Tuesday, December 18, 2007

How Low Can We Go?







Depending on who you listen to, the reasonable analyst expectations for 2008 S&P 500 operating earnings range from a modest +6% (typically top down approaches) to a very optimistic +14% (the ever optimistic bottom up numbers). In either case, the stock market is severely undervalued. However, let’s assume for a moment that operating earnings for 2008 hit more than a few rough patches thereby pushing earnings down some. Moreover, let’s also assume that longer term rates rise due to inflationary concerns and/or an easing of the flight to quality. That produces two questions:

* What is the reasonable valuation level for the market?
* How much lower (if at all) must the current stock market correction go before it is done?

If operating earnings were more seriously impacted thereby producing an earnings recession, a reasonable worse case scenario for operating earnings in 2008 might be $86. This is not implausible as some operating earnings expectations for Consumer Discretionary are a very robust (insane might be a better term) +15 to 20%. Moreover, the effects of the housing bust and credit squeeze may impact sectors such Financials more dramatically than currently anticipated.

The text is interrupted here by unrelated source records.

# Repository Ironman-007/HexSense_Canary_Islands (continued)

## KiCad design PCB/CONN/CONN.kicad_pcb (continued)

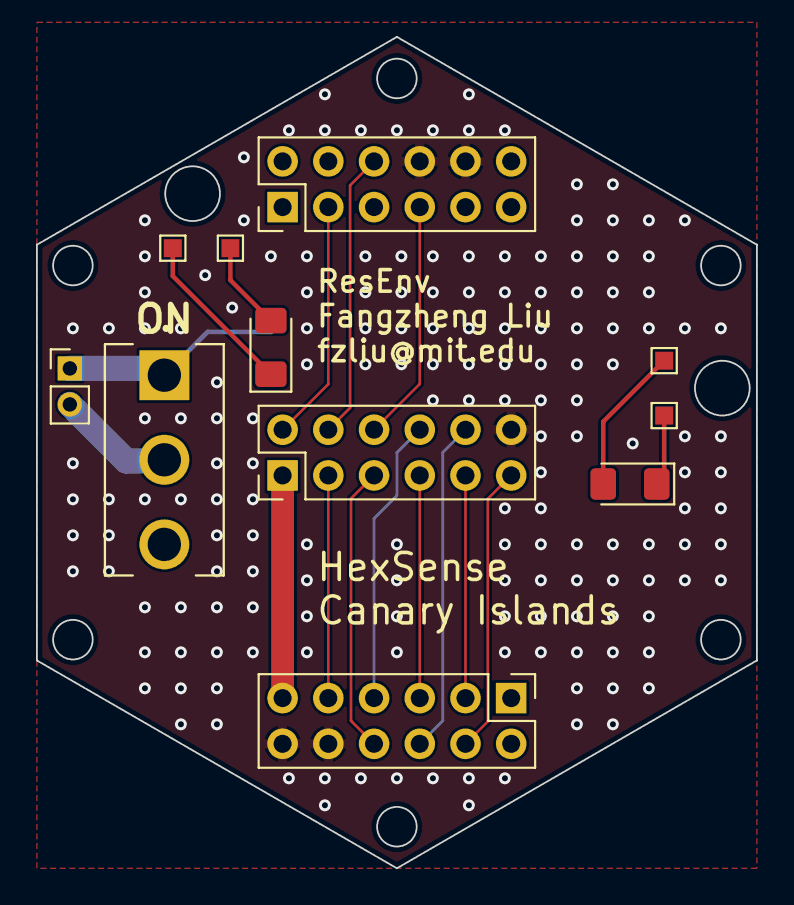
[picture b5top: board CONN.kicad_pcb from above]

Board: 2 copper layers, 40.0 x 46.2 mm, 12 parts (1 on the bottom side), 18 nets.

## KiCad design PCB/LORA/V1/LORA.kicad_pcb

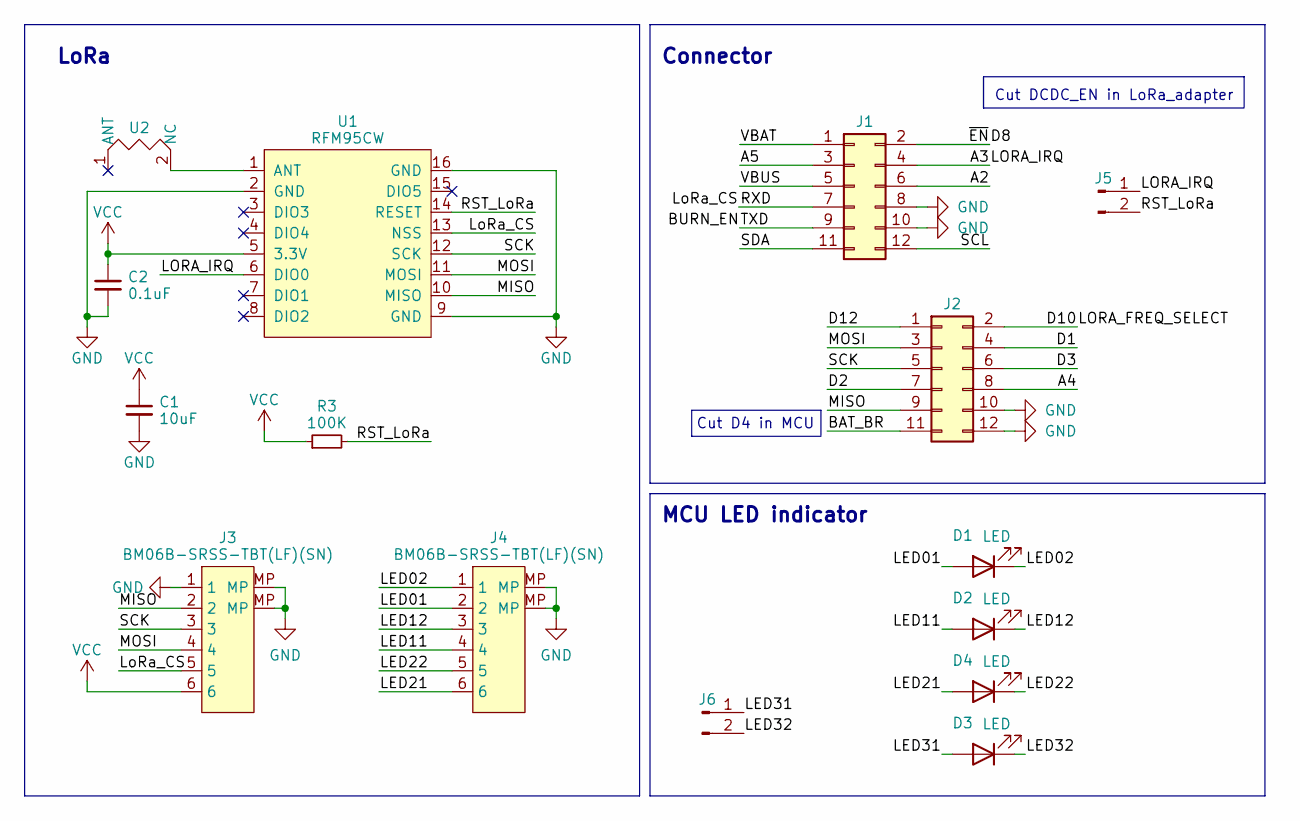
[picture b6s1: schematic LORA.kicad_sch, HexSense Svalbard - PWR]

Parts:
C1: 10uF; C_1206_3216Metric_Pad1.33x1.80mm_HandSolder
C2: 0.1uF; C_1206_3216Metric_Pad1.33x1.80mm_HandSolder
D1, D2, D3, D4: LED; LED_0603_1608Metric_Pad1.05x0.95mm_HandSolder
J1, J2: Conn_02x06_Odd_Even; PinHeader_2x06_P2.54mm_Vertical
J3, J4: BM06B-SRSS-TBT(LF)(SN); JST_SH_BM06B-SRSS-TB_1x06-1MP_P1.00mm_Vertical
J5, J6: Conn_01x02_Pin; PinHeader_1x02_P2.00mm_Vertical
R3: 100K; R_0603_1608Metric_Pad0.98x0.95mm_HandSolder
U1: RFM95CW; XCVR_RFM95W-915S2
U2: ANT-916-HESM

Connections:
/A2: J1.6
/A3: J1.4, J5.1, U1.6 (DIO0)
/A4: J2.8
/A5: J1.3
/BAT_BR: J2.11
/BURN_EN: J1.9
/D1: J2.4
/D2: J2.7
/D3: J2.6
/D8: J1.2
/D10: J2.2
/D12: J2.1
/LED01: D1.2 (A), J4.2
/LED02: D1.1 (K), J4.1
/LED11: D2.2 (A), J4.4
/LED12: D2.1 (K), J4.3
/LED21: D4.2 (A), J4.6
/LED22: D4.1 (K), J4.5
/LED31: D3.2 (A), J6.1
/LED32: D3.1 (K), J6.2
/LoRa_CS: J1.7, J3.5, U1.13 (NSS)
/MISO: J2.9, J3.2, U1.10 (MISO)
/MOSI: J2.3, J3.4, U1.11 (MOSI)
/RST_LoRa: J5.2, R3.2, U1.14 (RESET)
/SCK: J2.5, J3.3, U1.12 (SCK)
/SCL: J1.12
/SDA: J1.11
/VBAT: J1.1
/VBUS: J1.5
GND: C1.2, C2.2, J1.8, J1.10, J2.10, J2.12, J3.1, J3.MP, J4.MP, U1.2 (GND), U1.9 (GND), U1.16 (GND)
unnamed: U1.1 (ANT), U2.2 (NC)
VCC: C1.1, C2.1, J3.6, R3.1, U1.5 (3.3V)

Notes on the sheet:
Cut D4 in MCU
LoRa
Connector
MCU LED indicator
Cut DCDC_EN in LoRa_adapter

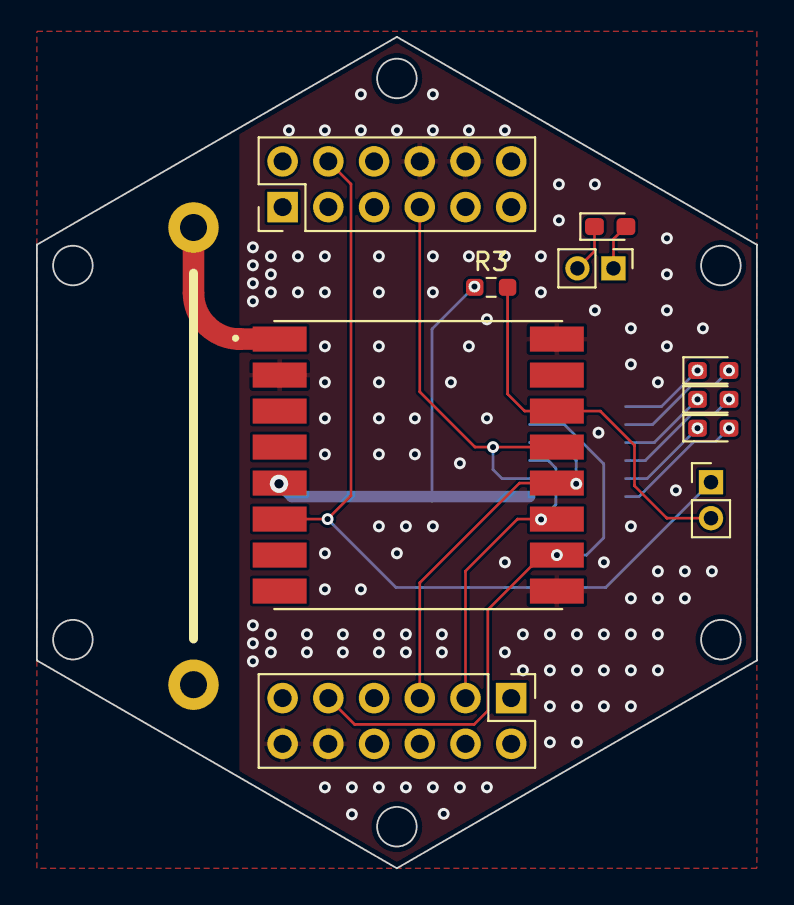
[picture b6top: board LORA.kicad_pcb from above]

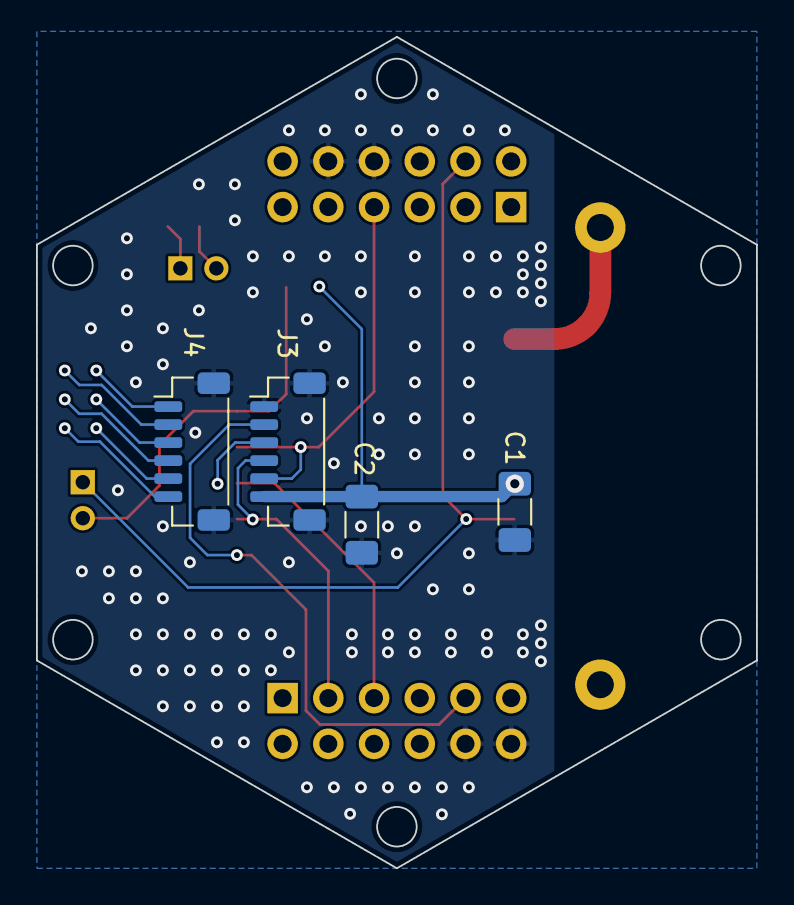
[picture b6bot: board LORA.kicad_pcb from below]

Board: 2 copper layers, 40.0 x 46.2 mm, 15 parts (4 on the bottom side), 17 nets.

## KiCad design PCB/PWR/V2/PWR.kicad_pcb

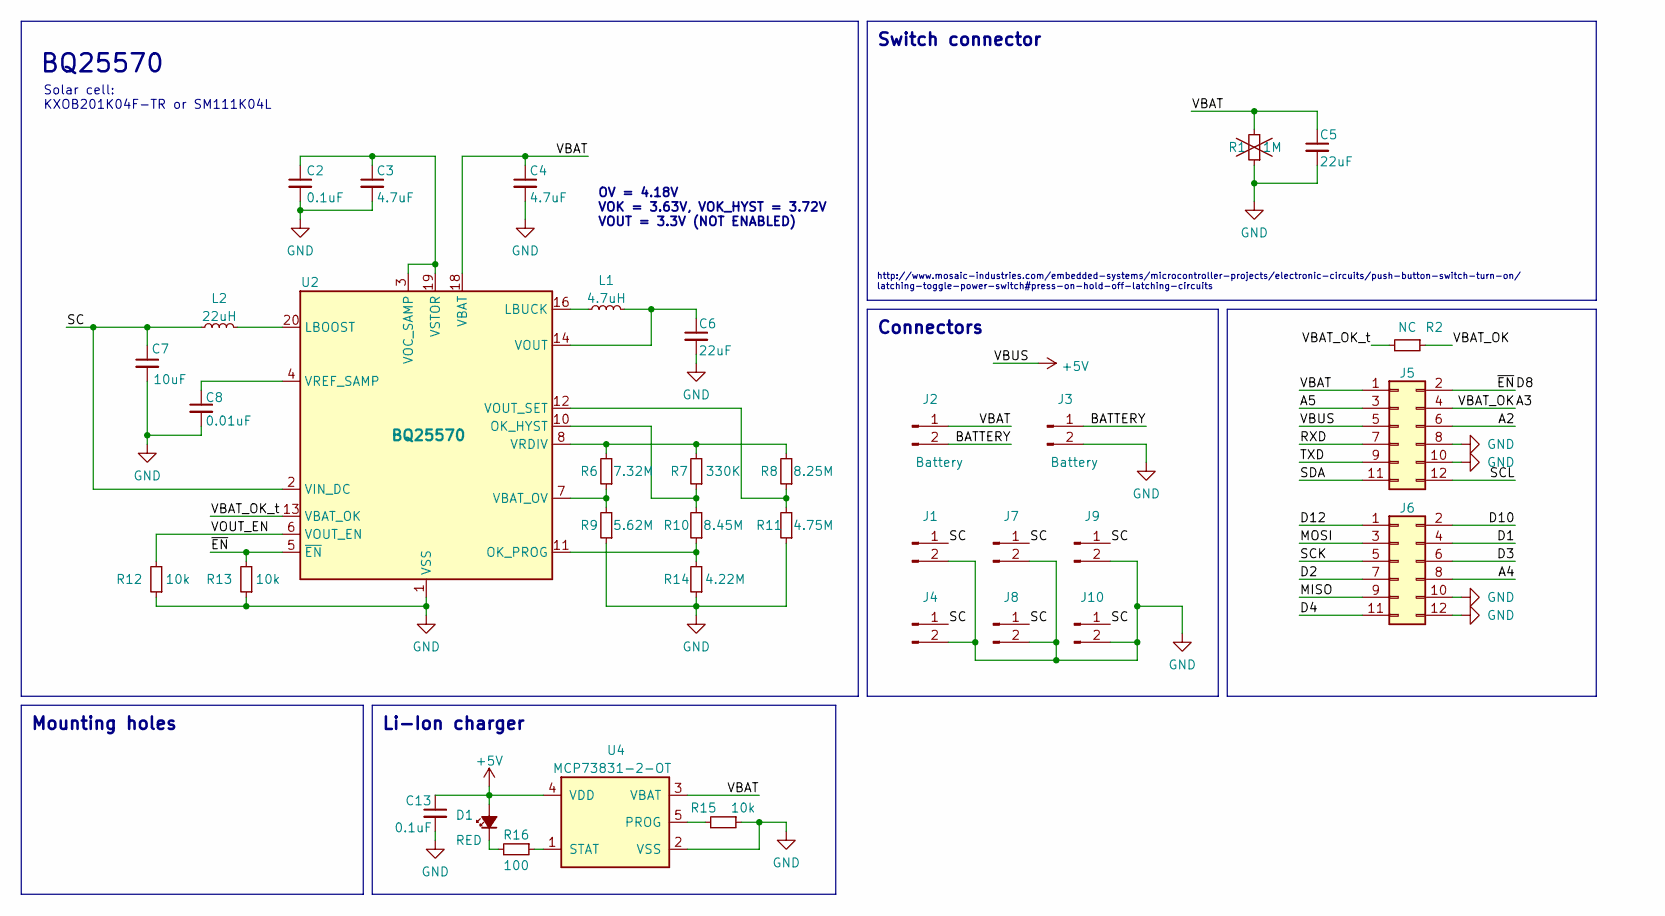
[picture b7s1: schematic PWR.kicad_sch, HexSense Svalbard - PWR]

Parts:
C2, C13: 0.1uF; C_0402_1005Metric_Pad0.74x0.62mm_HandSolder
C3, C4: 4.7uF; C_0603_1608Metric_Pad1.08x0.95mm_HandSolder
C5: 22uF; C_0603_1608Metric_Pad1.08x0.95mm_HandSolder
C6: 22uF; C_0805_2012Metric_Pad1.18x1.45mm_HandSolder
C7: 10uF; C_0603_1608Metric_Pad1.08x0.95mm_HandSolder
C8: 0.01uF; C_0402_1005Metric_Pad0.74x0.62mm_HandSolder
D1: RED; LED_0603_1608Metric_Pad1.05x0.95mm_HandSolder
J1, J4, J7, J8, J9, J10: Battery; Molex_Micro-Latch_53253-0270_1x02_P2.00mm_Vertical
J2, J3: Battery; PinHeader_2x01_P2.00mm_Vertical
J5, J6: Conn_02x06_Odd_Even; PinHeader_2x06_P2.54mm_Vertical
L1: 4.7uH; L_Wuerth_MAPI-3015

Now, let’s put a little more uncertainty into the mix and say that longer term rates, such as the 10 year US Treasury, rise, oh, ½%. The rate increase may be a result of inflationary concerns and/or an easing of the flight to quality as the global central actions to address the credit squeeze works to a degree thereby alleviating some of the fear built into the current flight to quality in the credit markets.

Incorporating the $86 number and a 10 year US Treasury rate of 4.75% into my Expected Return Valuation Model* produces a potential low point for the S&P 500 of 1360. That said, the final question becomes when?

Investment Strategy Implications

Given the high degree of current market pessimism and the fact that we are just weeks away from the January effect, the likelihood is that the market might begin its slump to 1360 (7.4% decline from yesterday’s close) sometime around mid January. Until then, staying fully invested seems prudent. Moreover, during the next four weeks, trading opportunities (Lunch Money) should present themselves.

Note: The above worse case scenario produces a target range for the S&P 500 of 1496 to 1550. At those levels, the minimum market return from yesterday’s close is an average +1.88 to 5.56%.